__TASK DESCRIPTION__: Your answer should be every line of the records that contains the word "revolve", copied as it stands.

__PROVIDED ENTRIES__:
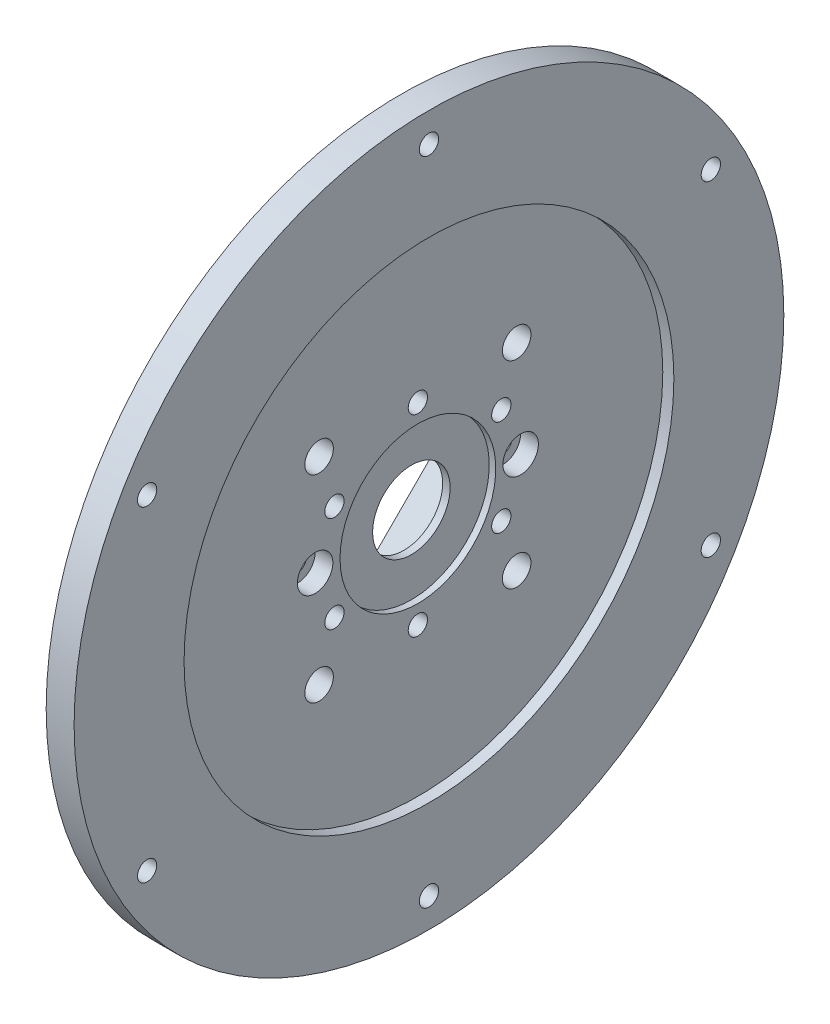
from build123d import *

# Parameters (mm, degrees)
CUT_EXTRUDE1_DEPTH      = 91.852936821
CUT_EXTRUDE1_DEPTH_BACK = 91.852936821
SKETCH4_R               = 1.7272
SKETCH5_R               = 1.5875
CUT_EXTRUDE2_DEPTH      = 92.355937532
SKETCH6_R               = 3.175
CUT_EXTRUDE3_DEPTH      = 3.175
BOSS_EXTRUDE1_REACH     = 93.741
FILLET1_R               = 3.175
SKETCH8_R               = 2.5527
CUT_EXTRUDE4_DEPTH      = 92.741144495


with BuildPart() as part:
    # Sketch2 → Revolve1 (revolve)
    with BuildSketch(Plane.XY):
        Polygon((-0.015199868, 29.999999944), (-1.815199824, 29.999999944), (-11.775199716, 29.999999944), (-13.77519978, 29.999999944), (-13.77519978, 25.4), (-2.000000064, 25.4), (-2.000000064, 11.499999987), (0.500000016, 11.499999987), (0.500000016, 6.937499968), (1.834399684, 6.937499968), (1.834399684, 7.9375), (1.834399684, 13.93649994), (2.999999842, 13.93649994), (2.999999842, 43.824999885), (4.984800038, 43.824999885), (4.984800038, 44.824999885), (4.984800038, 54.936499982), (4.984800038, 63.5), (-0.015199868, 63.5), align=None)
    revolve(axis=Axis((0, 0, 0), (1, 0, 0)))

    # Sketch4 → Cut-Extrude1 (cut, two sides: drawn at the far end of the back side and taken through both)
    with BuildSketch(Plane(origin=(0, 0, 0), x_dir=(0, 0, -1), z_dir=(1, 0, 0)).offset(-CUT_EXTRUDE1_DEPTH_BACK)):
        with Locations((0, 58.238499982)):
            Circle(SKETCH4_R)
        with Locations((50.436020463, 29.119249991)):
            Circle(SKETCH4_R)
        with Locations((50.436020463, -29.119249991)):
            Circle(SKETCH4_R)
        with Locations((0, -58.238499982)):
            Circle(SKETCH4_R)
        with Locations((-50.436020463, -29.119249991)):
            Circle(SKETCH4_R)
        with Locations((-50.436020463, 29.119249991)):
            Circle(SKETCH4_R)
        with Locations((-14.928978871, 8.61924997)):
            Circle(SKETCH4_R)
        with Locations((0, 17.23849994)):
            Circle(SKETCH4_R)
        with Locations((14.928978871, 8.61924997)):
            Circle(SKETCH4_R)
        with Locations((14.928978871, -8.61924997)):
            Circle(SKETCH4_R)
        with Locations((0, -17.23849994)):
            Circle(SKETCH4_R)
        with Locations((-14.928978871, -8.61924997)):
            Circle(SKETCH4_R)
    extrude(amount=CUT_EXTRUDE1_DEPTH + CUT_EXTRUDE1_DEPTH_BACK, mode=Mode.SUBTRACT)

    # Sketch5 → Cut-Extrude2 (cut, through all)
    with BuildSketch(Plane(origin=(2.999999842, 0, 0), x_dir=(0, 0, -1), z_dir=(1, 0, 0))):
        with Locations((-18.385, 0)):
            Circle(SKETCH5_R)
        with Locations((18.385, 0)):
            Circle(SKETCH5_R)
    extrude(amount=-CUT_EXTRUDE2_DEPTH, mode=Mode.SUBTRACT)

    # Sketch6 → Cut-Extrude3 (cut)
    with BuildSketch(Plane(origin=(2.999999842, 0, 0), x_dir=(0, 0, -1), z_dir=(1, 0, 0))):
        with Locations((-18.385, 0)):
            Circle(SKETCH6_R)
        with Locations((18.385, 0)):
            Circle(SKETCH6_R)
    extrude(amount=-CUT_EXTRUDE3_DEPTH, mode=Mode.SUBTRACT)

    # Sketch7 → Boss-Extrude1 (add, up to next)
    with BuildSketch(Plane.ZY.offset(13.77519978), mode=Mode.PRIVATE) as boss_extrude1_sk1:
        with BuildLine():
            ThreePointArc((25.213720876, 3.070550371), (17.960512242, 17.960512242), (3.070550371, 25.213720876))
            Line((3.070550371, 25.213720876), (25.213720876, 3.070550371))
        make_face()
    boss_extrude1_tool1 = extrude(boss_extrude1_sk1.sketch, amount=-BOSS_EXTRUDE1_REACH, mode=Mode.PRIVATE) - part.part
    # Sketch7 → Boss-Extrude1 (add, up to next)
    with BuildSketch(Plane.ZY.offset(13.77519978), mode=Mode.PRIVATE) as boss_extrude1_sk2:
        with BuildLine():
            Line((-25.213720876, 3.070550371), (-3.070550371, 25.213720876))
            ThreePointArc((-3.070550371, 25.213720876), (-17.960512242, 17.960512242), (-25.213720876, 3.070550371))
        make_face()
    boss_extrude1_tool2 = extrude(boss_extrude1_sk2.sketch, amount=-BOSS_EXTRUDE1_REACH, mode=Mode.PRIVATE) - part.part
    # Sketch7 → Boss-Extrude1 (add, up to next)
    with BuildSketch(Plane.ZY.offset(13.77519978), mode=Mode.PRIVATE) as boss_extrude1_sk3:
        with BuildLine():
            ThreePointArc((3.070550371, -25.213720876), (17.960512242, -17.960512242), (25.213720876, -3.070550371))
            Line((25.213720876, -3.070550371), (3.070550371, -25.213720876))
        make_face()
    boss_extrude1_tool3 = extrude(boss_extrude1_sk3.sketch, amount=-BOSS_EXTRUDE1_REACH, mode=Mode.PRIVATE) - part.part
    # Sketch7 → Boss-Extrude1 (add, up to next)
    with BuildSketch(Plane.ZY.offset(13.77519978), mode=Mode.PRIVATE) as boss_extrude1_sk4:
        with BuildLine():
            Line((-3.070550371, -25.213720876), (-25.213720876, -3.070550371))
            ThreePointArc((-25.213720876, -3.070550371), (-17.960512242, -17.960512242), (-3.070550371, -25.213720876))
        make_face()
    boss_extrude1_tool4 = extrude(boss_extrude1_sk4.sketch, amount=-BOSS_EXTRUDE1_REACH, mode=Mode.PRIVATE) - part.part
    add(boss_extrude1_tool1.solids().sort_by_distance((-13.7752, 15.684318, 15.684318))[0])
    add(boss_extrude1_tool2.solids().sort_by_distance((-13.7752, 15.684318, -15.684318))[0])
    add(boss_extrude1_tool3.solids().sort_by_distance((-13.7752, -15.684318, 15.684318))[0])
    add(boss_extrude1_tool4.solids().sort_by_distance((-13.7752, -15.684318, -15.684318))[0])

    # Fillet1
    fillet1_edges = [part.edges().sort_by_distance(p)[0] for p in [
        (-7.887599922, -25.213720876, -3.070550371),
        (-7.887599922, -25.213720876, 3.070550371),
        (-7.887599922, -3.070550371, 25.213720876),
        (-7.887599922, 3.070550371, 25.213720876),
        (-7.887599922, -3.070550371, -25.213720876),
        (-7.887599922, 3.070550371, -25.213720876),
        (-7.887599922, 25.213720876, 3.070550371),
        (-7.887599922, 25.213720876, -3.070550371),
    ]]
    fillet(fillet1_edges, radius=FILLET1_R)

    # Sketch8 → Cut-Extrude4 (cut, through all)
    with BuildSketch(Plane.ZY.offset(13.77519978)):
        with Locations((17.67766951, 17.67766951)):
            Circle(SKETCH8_R)
        with Locations((17.67766951, -17.67766951)):
            Circle(SKETCH8_R)
        with Locations((-17.67766951, -17.67766951)):
            Circle(SKETCH8_R)
        with Locations((-17.67766951, 17.67766951)):
            Circle(SKETCH8_R)
    extrude(amount=-CUT_EXTRUDE4_DEPTH, mode=Mode.SUBTRACT)


solid = part.part

__REPLY__:
    # Sketch2 → Revolve1 (revolve)
    revolve(axis=Axis((0, 0, 0), (1, 0, 0)))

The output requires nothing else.